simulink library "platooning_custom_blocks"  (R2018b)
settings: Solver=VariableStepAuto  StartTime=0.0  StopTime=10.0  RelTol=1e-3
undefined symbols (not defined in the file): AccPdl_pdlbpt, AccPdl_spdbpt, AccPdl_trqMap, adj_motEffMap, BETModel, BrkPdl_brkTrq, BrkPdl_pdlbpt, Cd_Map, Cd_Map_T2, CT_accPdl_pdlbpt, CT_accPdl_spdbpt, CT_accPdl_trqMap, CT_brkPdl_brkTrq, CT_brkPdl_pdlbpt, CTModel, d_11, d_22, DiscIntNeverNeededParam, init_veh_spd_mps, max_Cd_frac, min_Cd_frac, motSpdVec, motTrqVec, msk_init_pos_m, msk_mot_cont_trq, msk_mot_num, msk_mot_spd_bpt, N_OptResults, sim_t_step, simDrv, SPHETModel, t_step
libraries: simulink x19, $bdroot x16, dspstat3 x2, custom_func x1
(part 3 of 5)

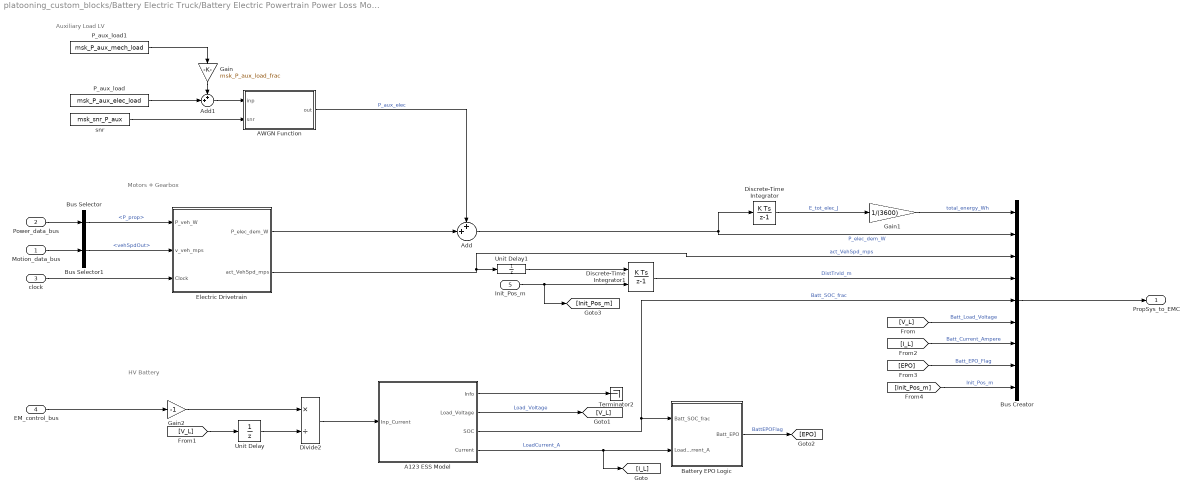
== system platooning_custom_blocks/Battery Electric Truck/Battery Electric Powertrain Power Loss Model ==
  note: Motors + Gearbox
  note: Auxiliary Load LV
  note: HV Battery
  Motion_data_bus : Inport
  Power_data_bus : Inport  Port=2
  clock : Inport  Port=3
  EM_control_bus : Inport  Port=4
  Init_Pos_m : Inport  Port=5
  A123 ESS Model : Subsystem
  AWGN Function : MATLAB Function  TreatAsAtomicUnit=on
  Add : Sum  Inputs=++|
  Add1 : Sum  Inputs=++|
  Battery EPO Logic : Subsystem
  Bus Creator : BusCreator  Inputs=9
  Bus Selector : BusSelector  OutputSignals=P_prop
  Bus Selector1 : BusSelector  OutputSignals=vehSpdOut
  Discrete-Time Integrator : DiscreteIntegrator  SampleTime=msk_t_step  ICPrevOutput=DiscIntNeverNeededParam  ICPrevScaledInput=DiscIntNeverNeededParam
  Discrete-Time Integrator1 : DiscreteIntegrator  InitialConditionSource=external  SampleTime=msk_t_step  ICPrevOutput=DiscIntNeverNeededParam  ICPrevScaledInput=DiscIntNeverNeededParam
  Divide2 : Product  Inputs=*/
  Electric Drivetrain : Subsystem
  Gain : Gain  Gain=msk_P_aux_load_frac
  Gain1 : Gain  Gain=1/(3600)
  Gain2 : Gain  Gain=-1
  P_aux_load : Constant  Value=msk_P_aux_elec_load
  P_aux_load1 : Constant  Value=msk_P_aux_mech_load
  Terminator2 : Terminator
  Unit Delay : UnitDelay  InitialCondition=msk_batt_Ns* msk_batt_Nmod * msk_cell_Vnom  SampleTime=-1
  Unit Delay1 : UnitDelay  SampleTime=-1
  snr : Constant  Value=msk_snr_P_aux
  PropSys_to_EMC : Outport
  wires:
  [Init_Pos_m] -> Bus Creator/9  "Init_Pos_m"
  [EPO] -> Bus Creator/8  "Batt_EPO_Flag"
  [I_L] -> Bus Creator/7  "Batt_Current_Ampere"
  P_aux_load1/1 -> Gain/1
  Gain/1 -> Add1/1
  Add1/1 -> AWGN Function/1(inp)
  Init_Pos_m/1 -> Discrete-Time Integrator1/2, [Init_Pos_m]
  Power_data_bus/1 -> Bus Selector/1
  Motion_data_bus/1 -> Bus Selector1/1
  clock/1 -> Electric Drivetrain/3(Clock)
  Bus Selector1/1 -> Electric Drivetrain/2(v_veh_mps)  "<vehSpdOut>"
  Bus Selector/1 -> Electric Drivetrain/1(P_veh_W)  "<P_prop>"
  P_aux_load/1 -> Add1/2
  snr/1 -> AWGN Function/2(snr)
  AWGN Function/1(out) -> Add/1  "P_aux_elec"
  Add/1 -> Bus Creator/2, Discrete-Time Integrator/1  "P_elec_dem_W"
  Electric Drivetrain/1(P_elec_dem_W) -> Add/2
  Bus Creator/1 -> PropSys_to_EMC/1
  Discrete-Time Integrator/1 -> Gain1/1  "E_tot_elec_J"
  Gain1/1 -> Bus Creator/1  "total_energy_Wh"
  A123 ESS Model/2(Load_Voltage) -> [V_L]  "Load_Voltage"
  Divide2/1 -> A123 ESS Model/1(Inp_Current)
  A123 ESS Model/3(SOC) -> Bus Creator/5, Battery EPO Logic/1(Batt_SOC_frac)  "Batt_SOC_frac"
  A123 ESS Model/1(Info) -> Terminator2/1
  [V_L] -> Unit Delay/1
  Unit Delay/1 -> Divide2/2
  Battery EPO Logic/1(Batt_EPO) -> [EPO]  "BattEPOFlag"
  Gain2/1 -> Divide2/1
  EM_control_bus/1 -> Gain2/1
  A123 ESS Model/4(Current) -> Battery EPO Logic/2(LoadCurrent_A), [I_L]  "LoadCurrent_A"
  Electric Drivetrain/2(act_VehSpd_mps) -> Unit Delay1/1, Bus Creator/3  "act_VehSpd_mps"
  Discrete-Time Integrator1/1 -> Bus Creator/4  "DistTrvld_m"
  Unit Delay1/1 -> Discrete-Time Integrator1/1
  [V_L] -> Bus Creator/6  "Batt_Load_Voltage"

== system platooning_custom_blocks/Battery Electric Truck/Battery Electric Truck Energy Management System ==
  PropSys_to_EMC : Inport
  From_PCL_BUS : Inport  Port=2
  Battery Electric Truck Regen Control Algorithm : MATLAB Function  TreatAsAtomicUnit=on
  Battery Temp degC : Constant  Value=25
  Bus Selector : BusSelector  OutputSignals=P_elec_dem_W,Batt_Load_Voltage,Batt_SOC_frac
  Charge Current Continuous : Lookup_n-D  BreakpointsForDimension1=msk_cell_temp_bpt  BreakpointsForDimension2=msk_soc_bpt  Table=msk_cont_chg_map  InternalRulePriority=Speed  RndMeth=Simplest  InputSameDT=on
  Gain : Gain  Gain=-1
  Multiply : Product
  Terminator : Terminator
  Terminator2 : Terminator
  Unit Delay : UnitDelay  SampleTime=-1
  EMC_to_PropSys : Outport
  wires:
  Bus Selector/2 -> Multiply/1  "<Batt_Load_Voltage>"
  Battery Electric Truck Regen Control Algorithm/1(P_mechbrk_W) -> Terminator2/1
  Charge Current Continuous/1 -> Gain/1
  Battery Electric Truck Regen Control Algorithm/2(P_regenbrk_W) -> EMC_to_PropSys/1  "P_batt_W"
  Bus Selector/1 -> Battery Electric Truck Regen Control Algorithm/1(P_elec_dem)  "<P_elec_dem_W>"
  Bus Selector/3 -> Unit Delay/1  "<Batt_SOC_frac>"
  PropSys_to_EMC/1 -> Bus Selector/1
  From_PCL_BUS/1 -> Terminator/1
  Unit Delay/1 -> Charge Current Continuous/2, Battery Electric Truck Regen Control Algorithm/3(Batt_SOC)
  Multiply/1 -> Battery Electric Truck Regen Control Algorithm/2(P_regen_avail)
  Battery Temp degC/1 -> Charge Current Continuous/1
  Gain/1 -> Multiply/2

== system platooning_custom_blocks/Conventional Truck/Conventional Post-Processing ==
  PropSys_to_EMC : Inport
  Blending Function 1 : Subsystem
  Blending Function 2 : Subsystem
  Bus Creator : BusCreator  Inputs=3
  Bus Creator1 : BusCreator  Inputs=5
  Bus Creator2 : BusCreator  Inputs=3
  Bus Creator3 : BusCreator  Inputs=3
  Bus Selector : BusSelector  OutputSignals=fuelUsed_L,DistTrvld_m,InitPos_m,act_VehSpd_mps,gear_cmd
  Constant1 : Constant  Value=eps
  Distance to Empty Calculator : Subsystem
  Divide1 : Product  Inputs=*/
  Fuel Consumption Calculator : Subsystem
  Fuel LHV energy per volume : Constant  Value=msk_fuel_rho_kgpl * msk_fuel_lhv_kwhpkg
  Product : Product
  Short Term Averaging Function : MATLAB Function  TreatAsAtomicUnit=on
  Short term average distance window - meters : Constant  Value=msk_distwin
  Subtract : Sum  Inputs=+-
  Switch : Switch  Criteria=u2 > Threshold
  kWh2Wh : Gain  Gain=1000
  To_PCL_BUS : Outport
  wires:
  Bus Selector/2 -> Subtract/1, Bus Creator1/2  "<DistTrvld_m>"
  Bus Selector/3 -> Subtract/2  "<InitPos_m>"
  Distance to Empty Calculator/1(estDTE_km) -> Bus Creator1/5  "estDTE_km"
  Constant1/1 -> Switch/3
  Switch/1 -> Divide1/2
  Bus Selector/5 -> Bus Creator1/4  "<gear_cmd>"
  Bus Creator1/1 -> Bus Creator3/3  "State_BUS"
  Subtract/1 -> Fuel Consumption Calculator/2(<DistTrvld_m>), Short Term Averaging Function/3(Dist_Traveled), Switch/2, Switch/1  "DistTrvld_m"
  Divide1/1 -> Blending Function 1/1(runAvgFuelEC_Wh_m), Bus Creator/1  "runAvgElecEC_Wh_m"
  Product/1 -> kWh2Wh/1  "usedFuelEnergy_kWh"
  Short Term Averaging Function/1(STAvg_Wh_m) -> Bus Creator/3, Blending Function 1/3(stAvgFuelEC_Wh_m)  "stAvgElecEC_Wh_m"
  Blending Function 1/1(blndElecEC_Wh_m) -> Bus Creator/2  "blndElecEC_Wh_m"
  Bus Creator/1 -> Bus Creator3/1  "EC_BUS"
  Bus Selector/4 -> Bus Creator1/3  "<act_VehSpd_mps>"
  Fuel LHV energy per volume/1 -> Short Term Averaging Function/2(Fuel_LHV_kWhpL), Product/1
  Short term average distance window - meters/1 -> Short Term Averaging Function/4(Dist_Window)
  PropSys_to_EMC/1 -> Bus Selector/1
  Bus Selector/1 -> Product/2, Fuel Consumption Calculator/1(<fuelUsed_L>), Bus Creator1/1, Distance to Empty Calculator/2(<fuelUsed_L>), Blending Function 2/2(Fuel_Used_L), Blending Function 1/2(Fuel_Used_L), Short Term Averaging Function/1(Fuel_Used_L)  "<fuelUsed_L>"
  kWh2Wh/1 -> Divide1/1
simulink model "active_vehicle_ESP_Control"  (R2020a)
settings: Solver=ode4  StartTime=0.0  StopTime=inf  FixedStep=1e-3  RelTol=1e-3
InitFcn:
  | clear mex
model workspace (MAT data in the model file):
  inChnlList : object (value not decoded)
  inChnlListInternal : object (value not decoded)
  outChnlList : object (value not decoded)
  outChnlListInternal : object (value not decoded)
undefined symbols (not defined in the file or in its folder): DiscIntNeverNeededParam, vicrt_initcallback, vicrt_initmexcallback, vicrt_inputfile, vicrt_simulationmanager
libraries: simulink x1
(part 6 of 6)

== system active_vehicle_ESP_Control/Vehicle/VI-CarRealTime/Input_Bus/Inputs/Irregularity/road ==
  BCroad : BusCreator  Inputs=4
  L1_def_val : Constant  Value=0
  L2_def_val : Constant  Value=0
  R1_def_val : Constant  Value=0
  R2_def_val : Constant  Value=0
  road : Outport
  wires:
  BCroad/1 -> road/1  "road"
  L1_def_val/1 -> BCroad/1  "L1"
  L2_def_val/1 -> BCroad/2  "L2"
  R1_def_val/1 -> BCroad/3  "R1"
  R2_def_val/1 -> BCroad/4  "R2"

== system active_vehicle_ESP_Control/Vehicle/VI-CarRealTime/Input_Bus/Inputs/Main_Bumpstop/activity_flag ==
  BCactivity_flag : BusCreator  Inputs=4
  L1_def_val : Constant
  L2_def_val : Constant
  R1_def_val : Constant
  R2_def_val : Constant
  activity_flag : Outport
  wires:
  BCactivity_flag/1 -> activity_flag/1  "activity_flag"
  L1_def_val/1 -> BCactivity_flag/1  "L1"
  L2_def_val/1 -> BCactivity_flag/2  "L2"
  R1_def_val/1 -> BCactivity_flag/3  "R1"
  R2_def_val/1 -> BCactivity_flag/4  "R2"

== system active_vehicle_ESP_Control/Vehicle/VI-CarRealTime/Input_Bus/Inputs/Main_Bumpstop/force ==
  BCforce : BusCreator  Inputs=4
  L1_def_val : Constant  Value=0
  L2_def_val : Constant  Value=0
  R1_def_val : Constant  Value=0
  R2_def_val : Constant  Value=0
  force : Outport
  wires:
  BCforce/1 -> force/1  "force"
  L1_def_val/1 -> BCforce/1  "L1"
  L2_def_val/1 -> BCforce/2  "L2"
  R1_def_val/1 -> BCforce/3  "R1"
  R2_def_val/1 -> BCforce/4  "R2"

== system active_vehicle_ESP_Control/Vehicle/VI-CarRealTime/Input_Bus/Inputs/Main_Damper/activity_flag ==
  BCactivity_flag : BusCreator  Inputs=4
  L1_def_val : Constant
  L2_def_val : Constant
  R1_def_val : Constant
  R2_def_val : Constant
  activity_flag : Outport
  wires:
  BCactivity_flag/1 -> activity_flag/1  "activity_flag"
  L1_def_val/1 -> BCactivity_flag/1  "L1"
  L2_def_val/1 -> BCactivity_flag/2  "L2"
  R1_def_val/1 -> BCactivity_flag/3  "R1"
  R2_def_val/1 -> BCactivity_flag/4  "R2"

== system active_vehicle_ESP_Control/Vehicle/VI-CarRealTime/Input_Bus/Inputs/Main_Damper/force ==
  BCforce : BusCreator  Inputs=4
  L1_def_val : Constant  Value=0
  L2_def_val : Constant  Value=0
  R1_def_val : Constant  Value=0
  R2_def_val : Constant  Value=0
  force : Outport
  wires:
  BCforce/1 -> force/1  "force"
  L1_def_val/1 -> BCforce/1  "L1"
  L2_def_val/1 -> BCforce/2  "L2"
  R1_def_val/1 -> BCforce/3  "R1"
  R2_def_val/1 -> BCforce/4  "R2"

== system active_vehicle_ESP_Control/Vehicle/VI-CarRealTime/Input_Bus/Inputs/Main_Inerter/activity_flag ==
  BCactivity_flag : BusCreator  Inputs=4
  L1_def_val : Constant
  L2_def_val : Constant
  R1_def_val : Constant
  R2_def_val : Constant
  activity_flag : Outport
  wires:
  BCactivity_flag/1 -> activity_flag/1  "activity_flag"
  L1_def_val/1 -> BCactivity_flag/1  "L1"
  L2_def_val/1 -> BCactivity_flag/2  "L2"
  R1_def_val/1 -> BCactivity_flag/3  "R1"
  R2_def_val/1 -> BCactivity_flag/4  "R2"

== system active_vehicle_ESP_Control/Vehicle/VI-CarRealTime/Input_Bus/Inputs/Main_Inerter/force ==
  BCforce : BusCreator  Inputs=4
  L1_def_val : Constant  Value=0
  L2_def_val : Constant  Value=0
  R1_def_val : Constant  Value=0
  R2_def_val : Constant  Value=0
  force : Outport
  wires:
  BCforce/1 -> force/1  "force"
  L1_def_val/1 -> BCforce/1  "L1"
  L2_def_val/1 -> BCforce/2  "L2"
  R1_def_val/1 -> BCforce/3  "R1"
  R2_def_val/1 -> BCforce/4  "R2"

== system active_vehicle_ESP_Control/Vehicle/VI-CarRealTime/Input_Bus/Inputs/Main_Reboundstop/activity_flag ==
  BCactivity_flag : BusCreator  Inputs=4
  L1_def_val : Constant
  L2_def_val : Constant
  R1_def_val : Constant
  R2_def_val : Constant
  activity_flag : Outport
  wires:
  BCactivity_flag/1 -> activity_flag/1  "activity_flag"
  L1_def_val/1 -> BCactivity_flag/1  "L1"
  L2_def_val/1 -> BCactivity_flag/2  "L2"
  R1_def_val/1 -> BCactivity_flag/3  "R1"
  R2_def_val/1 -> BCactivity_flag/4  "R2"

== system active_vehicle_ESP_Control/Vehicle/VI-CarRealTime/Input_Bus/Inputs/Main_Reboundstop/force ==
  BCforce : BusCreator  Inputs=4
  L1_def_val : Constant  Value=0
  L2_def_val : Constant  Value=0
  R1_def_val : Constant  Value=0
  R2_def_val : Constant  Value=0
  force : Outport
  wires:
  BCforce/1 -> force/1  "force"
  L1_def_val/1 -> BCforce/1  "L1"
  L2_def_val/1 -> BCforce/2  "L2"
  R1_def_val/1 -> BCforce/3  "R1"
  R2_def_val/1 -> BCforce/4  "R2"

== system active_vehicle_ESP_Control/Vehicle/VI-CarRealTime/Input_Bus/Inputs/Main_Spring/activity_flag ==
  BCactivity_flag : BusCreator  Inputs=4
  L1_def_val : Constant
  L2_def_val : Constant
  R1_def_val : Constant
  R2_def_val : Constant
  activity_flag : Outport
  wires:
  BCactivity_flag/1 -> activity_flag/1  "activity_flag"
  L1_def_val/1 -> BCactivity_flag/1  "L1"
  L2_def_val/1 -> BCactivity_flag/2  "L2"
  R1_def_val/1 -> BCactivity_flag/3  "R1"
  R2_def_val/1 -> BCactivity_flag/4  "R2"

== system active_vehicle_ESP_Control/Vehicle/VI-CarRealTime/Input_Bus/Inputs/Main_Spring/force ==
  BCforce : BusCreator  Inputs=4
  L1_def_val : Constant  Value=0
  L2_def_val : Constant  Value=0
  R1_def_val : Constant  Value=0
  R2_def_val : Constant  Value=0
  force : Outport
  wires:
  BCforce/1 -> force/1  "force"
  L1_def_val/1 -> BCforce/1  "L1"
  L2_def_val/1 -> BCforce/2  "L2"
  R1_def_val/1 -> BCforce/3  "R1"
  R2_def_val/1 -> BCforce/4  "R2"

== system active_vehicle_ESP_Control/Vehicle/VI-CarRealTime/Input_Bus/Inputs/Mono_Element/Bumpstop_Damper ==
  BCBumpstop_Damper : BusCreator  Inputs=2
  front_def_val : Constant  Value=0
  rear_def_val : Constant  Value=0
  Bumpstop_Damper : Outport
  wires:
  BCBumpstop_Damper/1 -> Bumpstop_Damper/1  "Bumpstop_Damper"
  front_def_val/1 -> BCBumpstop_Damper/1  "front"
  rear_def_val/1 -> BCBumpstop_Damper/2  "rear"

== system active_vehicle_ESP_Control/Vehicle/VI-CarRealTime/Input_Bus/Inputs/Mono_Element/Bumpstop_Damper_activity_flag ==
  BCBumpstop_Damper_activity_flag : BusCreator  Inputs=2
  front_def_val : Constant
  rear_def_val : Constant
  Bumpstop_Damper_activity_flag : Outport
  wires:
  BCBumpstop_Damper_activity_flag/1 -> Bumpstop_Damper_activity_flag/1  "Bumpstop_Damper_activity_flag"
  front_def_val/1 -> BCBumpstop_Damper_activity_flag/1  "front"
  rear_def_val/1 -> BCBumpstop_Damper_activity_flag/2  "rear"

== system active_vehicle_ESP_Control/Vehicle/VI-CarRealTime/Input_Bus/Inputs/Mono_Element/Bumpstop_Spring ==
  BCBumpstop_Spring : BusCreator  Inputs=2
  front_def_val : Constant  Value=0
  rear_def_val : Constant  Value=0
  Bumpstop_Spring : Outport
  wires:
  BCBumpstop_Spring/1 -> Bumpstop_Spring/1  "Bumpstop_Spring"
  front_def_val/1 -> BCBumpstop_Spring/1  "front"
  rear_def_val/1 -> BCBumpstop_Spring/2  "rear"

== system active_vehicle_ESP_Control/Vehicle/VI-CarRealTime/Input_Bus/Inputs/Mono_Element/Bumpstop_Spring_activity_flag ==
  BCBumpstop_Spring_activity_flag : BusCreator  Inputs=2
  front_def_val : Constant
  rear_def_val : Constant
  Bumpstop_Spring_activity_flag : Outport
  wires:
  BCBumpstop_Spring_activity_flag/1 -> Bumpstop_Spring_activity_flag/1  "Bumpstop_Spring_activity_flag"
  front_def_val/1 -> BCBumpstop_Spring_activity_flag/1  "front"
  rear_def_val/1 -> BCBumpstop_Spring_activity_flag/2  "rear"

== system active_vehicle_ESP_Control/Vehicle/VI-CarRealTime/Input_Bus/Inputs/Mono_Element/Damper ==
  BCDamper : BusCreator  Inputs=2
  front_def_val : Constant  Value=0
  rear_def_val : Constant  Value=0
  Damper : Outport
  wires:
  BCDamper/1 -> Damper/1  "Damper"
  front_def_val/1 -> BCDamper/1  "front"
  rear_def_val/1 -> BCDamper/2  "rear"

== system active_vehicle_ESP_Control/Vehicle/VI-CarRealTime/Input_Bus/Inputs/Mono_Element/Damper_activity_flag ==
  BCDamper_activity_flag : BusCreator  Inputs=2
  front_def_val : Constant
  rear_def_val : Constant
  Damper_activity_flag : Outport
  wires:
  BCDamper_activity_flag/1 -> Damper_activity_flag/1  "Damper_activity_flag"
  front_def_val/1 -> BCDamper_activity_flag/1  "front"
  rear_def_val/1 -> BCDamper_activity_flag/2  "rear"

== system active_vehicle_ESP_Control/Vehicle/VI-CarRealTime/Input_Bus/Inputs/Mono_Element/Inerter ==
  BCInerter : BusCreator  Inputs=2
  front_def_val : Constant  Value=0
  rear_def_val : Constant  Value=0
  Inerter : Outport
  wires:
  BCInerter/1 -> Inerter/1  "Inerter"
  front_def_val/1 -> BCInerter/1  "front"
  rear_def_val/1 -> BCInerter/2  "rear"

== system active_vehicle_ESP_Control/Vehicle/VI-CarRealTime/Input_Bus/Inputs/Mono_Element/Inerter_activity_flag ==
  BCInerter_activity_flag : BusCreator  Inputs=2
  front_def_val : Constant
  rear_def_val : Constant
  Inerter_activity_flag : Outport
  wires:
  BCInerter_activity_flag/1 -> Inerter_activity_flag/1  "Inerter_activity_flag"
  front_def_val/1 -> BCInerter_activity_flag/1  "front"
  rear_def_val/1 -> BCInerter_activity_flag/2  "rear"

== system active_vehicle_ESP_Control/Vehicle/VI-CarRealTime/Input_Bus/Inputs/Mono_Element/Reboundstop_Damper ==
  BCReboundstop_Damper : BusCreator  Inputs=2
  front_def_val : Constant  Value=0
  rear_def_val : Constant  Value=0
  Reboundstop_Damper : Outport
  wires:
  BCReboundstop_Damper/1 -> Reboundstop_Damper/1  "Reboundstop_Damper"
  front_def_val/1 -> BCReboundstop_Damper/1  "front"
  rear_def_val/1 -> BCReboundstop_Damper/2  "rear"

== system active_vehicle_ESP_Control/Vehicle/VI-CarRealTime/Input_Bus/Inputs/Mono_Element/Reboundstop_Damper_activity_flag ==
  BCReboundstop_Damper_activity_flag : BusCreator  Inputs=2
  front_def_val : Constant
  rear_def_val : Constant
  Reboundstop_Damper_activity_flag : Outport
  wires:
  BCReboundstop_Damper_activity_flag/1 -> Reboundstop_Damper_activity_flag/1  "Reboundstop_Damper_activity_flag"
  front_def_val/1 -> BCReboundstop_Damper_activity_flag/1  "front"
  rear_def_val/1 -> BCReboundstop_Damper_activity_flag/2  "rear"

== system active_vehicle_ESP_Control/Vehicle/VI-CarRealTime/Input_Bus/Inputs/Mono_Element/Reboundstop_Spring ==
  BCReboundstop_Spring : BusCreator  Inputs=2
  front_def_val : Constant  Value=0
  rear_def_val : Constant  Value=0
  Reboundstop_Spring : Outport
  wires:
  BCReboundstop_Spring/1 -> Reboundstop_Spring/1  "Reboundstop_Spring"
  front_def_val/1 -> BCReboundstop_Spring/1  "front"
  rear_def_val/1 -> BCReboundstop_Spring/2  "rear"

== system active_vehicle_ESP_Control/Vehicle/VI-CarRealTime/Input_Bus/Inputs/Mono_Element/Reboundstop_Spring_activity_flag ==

..........

- [The task]:
Which lines above run from the one containing "Discrete-Time Integrator : DiscreteIntegrator" down to the one containing "Bus Selector1/1 ->"? Repeat exactly those, both ends included, and nothing else.

- [Expected answer]:
  Discrete-Time Integrator : DiscreteIntegrator  SampleTime=msk_t_step  ICPrevOutput=DiscIntNeverNeededParam  ICPrevScaledInput=DiscIntNeverNeededParam
  Discrete-Time Integrator1 : DiscreteIntegrator  InitialConditionSource=external  SampleTime=msk_t_step  ICPrevOutput=DiscIntNeverNeededParam  ICPrevScaledInput=DiscIntNeverNeededParam
  Divide2 : Product  Inputs=*/
  Electric Drivetrain : Subsystem
  Gain : Gain  Gain=msk_P_aux_load_frac
  Gain1 : Gain  Gain=1/(3600)
  Gain2 : Gain  Gain=-1
  P_aux_load : Constant  Value=msk_P_aux_elec_load
  P_aux_load1 : Constant  Value=msk_P_aux_mech_load
  Terminator2 : Terminator
  Unit Delay : UnitDelay  InitialCondition=msk_batt_Ns* msk_batt_Nmod * msk_cell_Vnom  SampleTime=-1
  Unit Delay1 : UnitDelay  SampleTime=-1
  snr : Constant  Value=msk_snr_P_aux
  PropSys_to_EMC : Outport
  wires:
  [Init_Pos_m] -> Bus Creator/9  "Init_Pos_m"
  [EPO] -> Bus Creator/8  "Batt_EPO_Flag"
  [I_L] -> Bus Creator/7  "Batt_Current_Ampere"
  P_aux_load1/1 -> Gain/1
  Gain/1 -> Add1/1
  Add1/1 -> AWGN Function/1(inp)
  Init_Pos_m/1 -> Discrete-Time Integrator1/2, [Init_Pos_m]
  Power_data_bus/1 -> Bus Selector/1
  Motion_data_bus/1 -> Bus Selector1/1
  clock/1 -> Electric Drivetrain/3(Clock)
  Bus Selector1/1 -> Electric Drivetrain/2(v_veh_mps)  "<vehSpdOut>"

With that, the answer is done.